#### [What you need to do]
Copy each line of the listing where the word "CIWAF" can be found.

#### [Record excerpts]
※
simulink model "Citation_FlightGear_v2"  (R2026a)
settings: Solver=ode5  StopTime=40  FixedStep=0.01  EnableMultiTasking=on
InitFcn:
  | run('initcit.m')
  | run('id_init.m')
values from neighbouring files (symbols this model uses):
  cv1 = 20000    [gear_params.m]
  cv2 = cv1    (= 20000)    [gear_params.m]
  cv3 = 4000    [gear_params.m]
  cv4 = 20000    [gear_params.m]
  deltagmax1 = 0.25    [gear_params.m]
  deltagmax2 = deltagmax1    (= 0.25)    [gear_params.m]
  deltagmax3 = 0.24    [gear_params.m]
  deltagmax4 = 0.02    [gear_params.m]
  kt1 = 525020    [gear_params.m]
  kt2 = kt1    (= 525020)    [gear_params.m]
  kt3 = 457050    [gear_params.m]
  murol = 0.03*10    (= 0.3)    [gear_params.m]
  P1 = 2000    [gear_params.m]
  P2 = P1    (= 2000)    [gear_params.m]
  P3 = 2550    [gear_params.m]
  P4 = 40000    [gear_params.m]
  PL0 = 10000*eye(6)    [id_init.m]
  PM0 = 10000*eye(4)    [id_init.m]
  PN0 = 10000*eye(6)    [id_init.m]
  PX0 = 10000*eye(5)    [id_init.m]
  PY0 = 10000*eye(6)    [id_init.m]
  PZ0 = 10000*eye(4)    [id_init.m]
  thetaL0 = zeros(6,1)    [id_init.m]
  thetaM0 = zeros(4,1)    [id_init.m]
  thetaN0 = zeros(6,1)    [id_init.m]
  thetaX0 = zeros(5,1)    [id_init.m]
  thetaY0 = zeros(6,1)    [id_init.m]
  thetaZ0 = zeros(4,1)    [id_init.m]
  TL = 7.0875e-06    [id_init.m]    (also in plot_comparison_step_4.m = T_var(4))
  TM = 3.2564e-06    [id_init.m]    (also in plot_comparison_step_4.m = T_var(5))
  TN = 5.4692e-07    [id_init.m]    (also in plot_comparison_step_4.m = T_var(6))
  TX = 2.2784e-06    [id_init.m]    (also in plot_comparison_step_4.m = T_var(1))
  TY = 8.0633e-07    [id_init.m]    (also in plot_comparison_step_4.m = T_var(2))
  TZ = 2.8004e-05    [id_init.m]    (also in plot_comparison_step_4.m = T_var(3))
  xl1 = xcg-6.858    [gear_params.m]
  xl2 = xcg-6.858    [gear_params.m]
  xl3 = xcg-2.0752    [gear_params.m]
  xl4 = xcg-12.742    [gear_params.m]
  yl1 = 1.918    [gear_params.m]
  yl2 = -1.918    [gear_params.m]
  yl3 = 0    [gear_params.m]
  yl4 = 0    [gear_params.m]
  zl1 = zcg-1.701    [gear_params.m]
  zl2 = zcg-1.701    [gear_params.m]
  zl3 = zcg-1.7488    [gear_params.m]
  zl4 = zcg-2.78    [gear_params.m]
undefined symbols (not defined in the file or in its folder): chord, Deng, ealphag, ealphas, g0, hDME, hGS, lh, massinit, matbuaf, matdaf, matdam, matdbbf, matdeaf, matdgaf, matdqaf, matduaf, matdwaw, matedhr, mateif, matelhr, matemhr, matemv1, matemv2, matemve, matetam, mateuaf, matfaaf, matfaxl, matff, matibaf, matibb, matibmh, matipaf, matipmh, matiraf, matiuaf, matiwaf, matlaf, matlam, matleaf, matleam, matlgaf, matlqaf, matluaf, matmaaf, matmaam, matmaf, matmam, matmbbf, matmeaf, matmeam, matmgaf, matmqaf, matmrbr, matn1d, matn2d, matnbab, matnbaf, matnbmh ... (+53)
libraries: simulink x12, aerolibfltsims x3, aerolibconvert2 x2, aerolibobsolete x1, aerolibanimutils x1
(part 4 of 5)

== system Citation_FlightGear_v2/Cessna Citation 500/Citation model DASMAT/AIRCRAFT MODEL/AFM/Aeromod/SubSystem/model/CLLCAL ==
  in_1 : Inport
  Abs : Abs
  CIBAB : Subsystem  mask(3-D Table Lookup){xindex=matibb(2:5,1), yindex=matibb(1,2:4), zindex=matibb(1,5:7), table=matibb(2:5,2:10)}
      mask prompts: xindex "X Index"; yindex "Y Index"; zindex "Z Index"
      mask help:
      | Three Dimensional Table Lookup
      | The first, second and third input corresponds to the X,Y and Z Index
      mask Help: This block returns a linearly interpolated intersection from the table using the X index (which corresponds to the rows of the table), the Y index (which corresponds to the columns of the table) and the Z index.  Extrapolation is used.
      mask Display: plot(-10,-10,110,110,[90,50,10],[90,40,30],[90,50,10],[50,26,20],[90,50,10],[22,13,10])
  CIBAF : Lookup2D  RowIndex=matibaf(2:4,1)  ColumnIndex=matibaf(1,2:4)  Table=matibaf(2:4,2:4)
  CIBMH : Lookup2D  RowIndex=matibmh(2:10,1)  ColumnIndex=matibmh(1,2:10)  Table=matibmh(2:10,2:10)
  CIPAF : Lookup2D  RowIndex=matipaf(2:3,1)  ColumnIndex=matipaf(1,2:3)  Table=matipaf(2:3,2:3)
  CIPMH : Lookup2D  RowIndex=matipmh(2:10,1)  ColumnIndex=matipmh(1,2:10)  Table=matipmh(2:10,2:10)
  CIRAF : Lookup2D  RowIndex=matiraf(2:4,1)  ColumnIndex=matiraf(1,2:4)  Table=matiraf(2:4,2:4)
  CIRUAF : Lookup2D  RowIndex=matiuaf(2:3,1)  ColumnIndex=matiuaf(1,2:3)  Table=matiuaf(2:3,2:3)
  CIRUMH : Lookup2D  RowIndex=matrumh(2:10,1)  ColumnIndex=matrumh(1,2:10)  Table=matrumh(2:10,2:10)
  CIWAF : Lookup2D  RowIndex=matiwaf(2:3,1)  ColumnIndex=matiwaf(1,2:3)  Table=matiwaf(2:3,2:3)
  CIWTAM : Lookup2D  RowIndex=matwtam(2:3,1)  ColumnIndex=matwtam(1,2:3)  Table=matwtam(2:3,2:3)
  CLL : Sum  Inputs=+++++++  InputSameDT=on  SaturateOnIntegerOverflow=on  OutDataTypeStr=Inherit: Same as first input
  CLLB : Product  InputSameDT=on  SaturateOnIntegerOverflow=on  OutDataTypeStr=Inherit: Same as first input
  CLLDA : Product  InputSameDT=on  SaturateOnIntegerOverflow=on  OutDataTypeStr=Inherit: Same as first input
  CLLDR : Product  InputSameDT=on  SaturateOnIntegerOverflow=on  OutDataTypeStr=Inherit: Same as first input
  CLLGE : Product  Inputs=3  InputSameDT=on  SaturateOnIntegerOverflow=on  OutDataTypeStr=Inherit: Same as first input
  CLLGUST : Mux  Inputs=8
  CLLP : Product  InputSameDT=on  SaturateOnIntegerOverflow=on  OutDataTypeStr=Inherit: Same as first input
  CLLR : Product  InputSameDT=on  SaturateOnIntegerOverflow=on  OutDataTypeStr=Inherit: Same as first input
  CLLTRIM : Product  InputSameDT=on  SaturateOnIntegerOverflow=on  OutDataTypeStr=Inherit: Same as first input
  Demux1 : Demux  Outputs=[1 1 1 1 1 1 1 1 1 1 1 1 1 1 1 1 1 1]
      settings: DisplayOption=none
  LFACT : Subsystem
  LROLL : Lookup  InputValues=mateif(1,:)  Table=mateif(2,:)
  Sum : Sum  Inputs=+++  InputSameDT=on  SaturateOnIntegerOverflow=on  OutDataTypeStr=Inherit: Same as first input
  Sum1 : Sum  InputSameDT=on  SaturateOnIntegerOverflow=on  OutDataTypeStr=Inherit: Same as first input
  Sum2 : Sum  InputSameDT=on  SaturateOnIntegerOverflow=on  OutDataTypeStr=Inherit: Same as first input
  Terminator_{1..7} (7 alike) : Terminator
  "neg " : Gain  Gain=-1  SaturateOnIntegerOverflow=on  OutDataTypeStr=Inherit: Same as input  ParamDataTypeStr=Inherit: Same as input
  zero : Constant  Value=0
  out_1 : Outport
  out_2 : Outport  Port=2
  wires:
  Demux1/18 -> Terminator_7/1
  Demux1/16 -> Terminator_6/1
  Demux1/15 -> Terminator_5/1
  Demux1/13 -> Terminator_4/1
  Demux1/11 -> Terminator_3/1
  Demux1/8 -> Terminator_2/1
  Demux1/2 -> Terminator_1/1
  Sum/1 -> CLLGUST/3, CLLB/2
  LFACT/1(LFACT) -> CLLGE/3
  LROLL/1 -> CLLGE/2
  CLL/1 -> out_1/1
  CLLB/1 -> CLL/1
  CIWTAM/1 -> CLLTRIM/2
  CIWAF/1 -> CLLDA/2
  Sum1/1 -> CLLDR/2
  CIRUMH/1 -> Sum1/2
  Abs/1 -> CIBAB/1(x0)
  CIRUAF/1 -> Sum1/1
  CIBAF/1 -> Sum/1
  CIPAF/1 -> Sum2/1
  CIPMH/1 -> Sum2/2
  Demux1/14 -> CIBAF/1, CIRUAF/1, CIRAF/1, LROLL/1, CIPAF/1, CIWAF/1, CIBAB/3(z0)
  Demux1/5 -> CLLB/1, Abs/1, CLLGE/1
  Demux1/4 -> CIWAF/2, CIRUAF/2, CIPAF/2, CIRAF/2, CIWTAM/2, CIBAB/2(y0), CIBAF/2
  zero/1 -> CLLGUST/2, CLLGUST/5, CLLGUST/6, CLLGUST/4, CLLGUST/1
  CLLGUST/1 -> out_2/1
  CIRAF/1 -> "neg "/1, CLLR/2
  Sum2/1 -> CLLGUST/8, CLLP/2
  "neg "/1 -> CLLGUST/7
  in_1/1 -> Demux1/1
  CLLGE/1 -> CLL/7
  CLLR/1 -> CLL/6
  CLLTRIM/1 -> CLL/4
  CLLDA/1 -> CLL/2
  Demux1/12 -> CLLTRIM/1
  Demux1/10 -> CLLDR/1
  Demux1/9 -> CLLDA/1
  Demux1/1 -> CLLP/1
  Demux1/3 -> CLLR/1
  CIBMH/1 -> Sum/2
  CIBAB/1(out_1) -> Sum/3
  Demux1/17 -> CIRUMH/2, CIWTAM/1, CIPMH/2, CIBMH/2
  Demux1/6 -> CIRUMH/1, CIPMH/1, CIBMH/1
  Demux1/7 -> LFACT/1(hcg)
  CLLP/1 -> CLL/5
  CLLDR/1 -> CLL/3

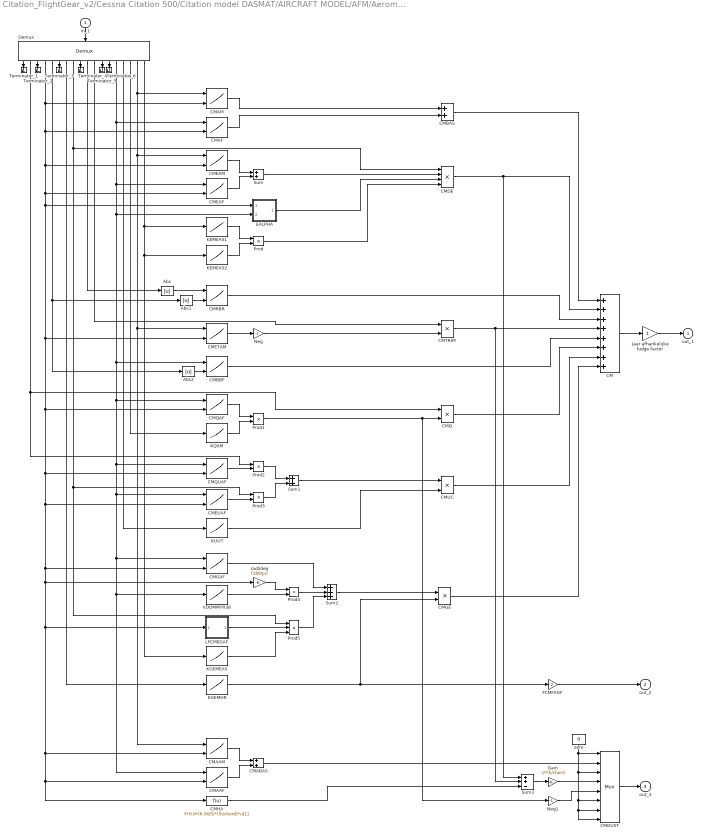
== system Citation_FlightGear_v2/Cessna Citation 500/Citation model DASMAT/AIRCRAFT MODEL/AFM/Aeromod/SubSystem/model/CMCAL ==
  in_1 : Inport
  Abs : Abs
  Abs1 : Abs
  Abs2 : Abs
  CM : Sum  Inputs=++++++++  InputSameDT=on  SaturateOnIntegerOverflow=on  OutDataTypeStr=Inherit: Same as first input
  CMAAF : Lookup2D  RowIndex=matmaaf(2:22,1)  ColumnIndex=matmaaf(1,2:22)  Table=matmaaf(2:22,2:22)
  CMAAM : Lookup2D  RowIndex=matmaam(2:22,1)  ColumnIndex=matmaam(1,2:22)  Table=matmaam(2:22,2:22)
  CMABAS : Sum  InputSameDT=on  SaturateOnIntegerOverflow=on  OutDataTypeStr=Inherit: Same as first input
  CMAF : Lookup2D  RowIndex=matmaf(2:23,1)  ColumnIndex=matmaf(1,2:23)  Table=matmaf(2:23,2:23)
  "CMAM " : Lookup2D  RowIndex=matmam(2:23,1)  ColumnIndex=matmam(1,2:23)  Table=matmam(2:23,2:23)
  CMBAS : Sum  InputSameDT=on  SaturateOnIntegerOverflow=on  OutDataTypeStr=Inherit: Same as first input
  CMBBF : Lookup2D  RowIndex=matmbbf(2:18,1)  ColumnIndex=matmbbf(1,2:18)  Table=matmbbf(2:18,2:18)
  CMDE : Product  Inputs=4  InputSameDT=on  SaturateOnIntegerOverflow=on  OutDataTypeStr=Inherit: Same as first input
  CMEAF : Lookup2D  RowIndex=matmeaf(2:23,1)  ColumnIndex=matmeaf(1,2:23)  Table=matmeaf(2:23,2:23)
  CMEAM : Lookup2D  RowIndex=matmeam(2:23,1)  ColumnIndex=matmeam(1,2:23)  Table=matmeam(2:23,2:23)
  CMETAM : Lookup2D  RowIndex=matetam(2:3,1)  ColumnIndex=matetam(1,2:3)  Table=matetam(2:3,2:3)
  CMEUAF : Lookup2D  RowIndex=mateuaf(2:23,1)  ColumnIndex=mateuaf(1,2:23)  Table=mateuaf(2:23,2:23)
  CMGAF : Lookup2D  RowIndex=matmgaf(2:4,1)  ColumnIndex=matmgaf(1,2:4)  Table=matmgaf(2:4,2:4)
  CMGE : Product  InputSameDT=on  SaturateOnIntegerOverflow=on  OutDataTypeStr=Inherit: Same as first input
  CMGUST : Mux  Inputs=8
  CMHA : Fcn  Expr=5*0.9*(6.56/S)*(lh/chord)*u[1]
  CMQ : Product  InputSameDT=on  SaturateOnIntegerOverflow=on  OutDataTypeStr=Inherit: Same as first input
  CMQAF : Lookup2D  RowIndex=matmqaf(2:23,1)  ColumnIndex=matmqaf(1,2:23)  Table=matmqaf(2:23,2:23)
  CMQUAF : Lookup2D  RowIndex=matquaf(2:23,1)  ColumnIndex=matquaf(1,2:23)  Table=matquaf(2:23,2:23)
  CMRBR : Lookup2D  RowIndex=matmrbr(2:3,1)  ColumnIndex=matmrbr(1,2:3)  Table=matmrbr(2:3,2:3)
  CMTRIM : Product  InputSameDT=on  SaturateOnIntegerOverflow=on  OutDataTypeStr=Inherit: Same as first input
  CMUC : Product  InputSameDT=on  SaturateOnIntegerOverflow=on  OutDataTypeStr=Inherit: Same as first input
  Demux : Demux  Outputs=[1 1 1 1 1 1 1 1 1 1 1 1 1 1 1 1 1 1]
      settings: DisplayOption=none
  EALPHA : Subsystem
  FCMFAGF : Gain  Gain=-2  SaturateOnIntegerOverflow=on  OutDataTypeStr=Inherit: Same as input  ParamDataTypeStr=Inherit: Same as input
  Gain : Gain  Gain=-2*lh/chord  SaturateOnIntegerOverflow=on  OutDataTypeStr=Inherit: Same as input  ParamDataTypeStr=Inherit: Same as input
  Jaar afhankelijke fudge factor : Gain
  KEMEAS1 : Lookup  InputValues=matemv1(1,:)  Table=matemv1(2,:)
  KEMEAS2 : Lookup  InputValues=matemv2(1,:)  Table=matemv2(2,:)
  KGEMEAS : Lookup  InputValues=matemve(1,:)  Table=matemve(2,:)
  KGEMHR : Lookup  InputValues=matemhr(1,:)  Table=matemhr(2,:)
  KQXM : Lookup  InputValues=matqxm(1,:)  Table=matqxm(2,:)
  KUUT : Lookup  InputValues=matuut(1,:)  Table=matuut(2,:)
  LFCMEGAF : Subsystem
  "Neg " : Gain  Gain=-1  SaturateOnIntegerOverflow=on  OutDataTypeStr=Inherit: Same as input  ParamDataTypeStr=Inherit: Same as input
  Neg1 : Gain  Gain=-1  SaturateOnIntegerOverflow=on  OutDataTypeStr=Inherit: Same as input  ParamDataTypeStr=Inherit: Same as input
  Prod{,1..4} (5 alike) : Product  InputSameDT=on  SaturateOnIntegerOverflow=on  OutDataTypeStr=Inherit: Same as first input
  Prod5 : Product  Inputs=3  InputSameDT=on  SaturateOnIntegerOverflow=on  OutDataTypeStr=Inherit: Same as first input
  Sum : Sum  InputSameDT=on  SaturateOnIntegerOverflow=on  OutDataTypeStr=Inherit: Same as first input
  Sum1 : Sum  InputSameDT=on  SaturateOnIntegerOverflow=on  OutDataTypeStr=Inherit: Same as first input
  Sum2 : Sum  Inputs=+++  InputSameDT=on  SaturateOnIntegerOverflow=on  OutDataTypeStr=Inherit: Same as first input
  Sum3 : Sum  Inputs=++-  InputSameDT=on  SaturateOnIntegerOverflow=on  OutDataTypeStr=Inherit: Same as first input
  Terminator_{1..6} (6 alike) : Terminator
  VDOMMYR38 : Lookup  InputValues=vdommyr38(1,:)  Table=vdommyr38(2,:)
  rad2deg : Gain  Gain=(180/pi)  SaturateOnIntegerOverflow=on  OutDataTypeStr=Inherit: Same as input  ParamDataTypeStr=Inherit: Same as input
  zero : Constant  Value=0
  out_1 : Outport
  out_2 : Outport  Port=2
  "out_3 " : Outport  Port=3
  wires:
  Demux/13 -> Terminator_6/1
  Demux/12 -> Terminator_5/1
  Demux/9 -> Terminator_4/1
  Demux/6 -> Terminator_3/1
  Demux/3 -> Terminator_2/1
  Demux/1 -> Terminator_1/1
  Neg1/1 -> CMGUST/5
  CMABAS/1 -> CMGUST/2
  CMHA/1 -> Sum3/3
  CMGAF/1 -> Sum2/1
  Prod4/1 -> Sum2/2
  VDOMMYR38/1 -> Prod4/2
  CMQUAF/1 -> Prod2/2
  EALPHA/1(EALPHA) -> CMDE/3
  CMBAS/1 -> CM/1
  "CMAM "/1 -> CMBAS/1
  Abs/1 -> CMRBR/1
  Abs2/1 -> CMBBF/2
  KUUT/1 -> CMUC/2
  Sum1/1 -> CMUC/1
  Demux/14 -> CMAF/1, CMEAF/1, EALPHA/2(deltaf), CMQAF/1, CMQUAF/1, CMGAF/1, VDOMMYR38/1, CMAAF/1, CMEUAF/1, CMBBF/1
  Sum/1 -> CMDE/2
  Demux/8 -> CMDE/1, Prod3/1, Prod5/1
  Prod/1 -> CMDE/4
  Demux/18 -> KEMEAS1/1, KEMEAS2/1, KGEMEAS/1
  Demux/2 -> CMQ/1, Prod2/1
  CMETAM/1 -> "Neg "/1
  "Neg "/1 -> CMTRIM/2
  CMEUAF/1 -> Prod3/2
  Sum3/1 -> Gain/1
  Prod2/1 -> Sum1/1
  Sum2/1 -> CMGE/1
  Demux/4 -> "CMAM "/2, CMEAM/2, CMEAF/2, EALPHA/1(alpha), CMQAF/2, CMQUAF/2, CMEUAF/2, CMGAF/2, rad2deg/1, CMAAF/2, CMHA/1, CMAAM/2, LFCMEGAF/1(alpha), CMETAM/2, CMAF/2
  Demux/17 -> "CMAM "/1, CMEAM/1, CMETAM/1, CMAAM/1
  CMUC/1 -> CM/7
  CM/1 -> Jaar afhankelijke fudge factor/1
  CMGE/1 -> CM/8
  Prod1/1 -> Neg1/1, CMQ/2
  FCMFAGF/1 -> out_2/1
  CMGUST/1 -> "out_3 "/1
  Gain/1 -> CMGUST/4
  zero/1 -> CMGUST/6, CMGUST/7, CMGUST/8, CMGUST/3, CMGUST/1
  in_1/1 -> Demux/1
※
#### [Answer to this problem]
  CIWAF : Lookup2D  RowIndex=matiwaf(2:3,1)  ColumnIndex=matiwaf(1,2:3)  Table=matiwaf(2:3,2:3)
  CIWAF/1 -> CLLDA/2
  Demux1/14 -> CIBAF/1, CIRUAF/1, CIRAF/1, LROLL/1, CIPAF/1, CIWAF/1, CIBAB/3(z0)
  Demux1/4 -> CIWAF/2, CIRUAF/2, CIPAF/2, CIRAF/2, CIWTAM/2, CIBAB/2(y0), CIBAF/2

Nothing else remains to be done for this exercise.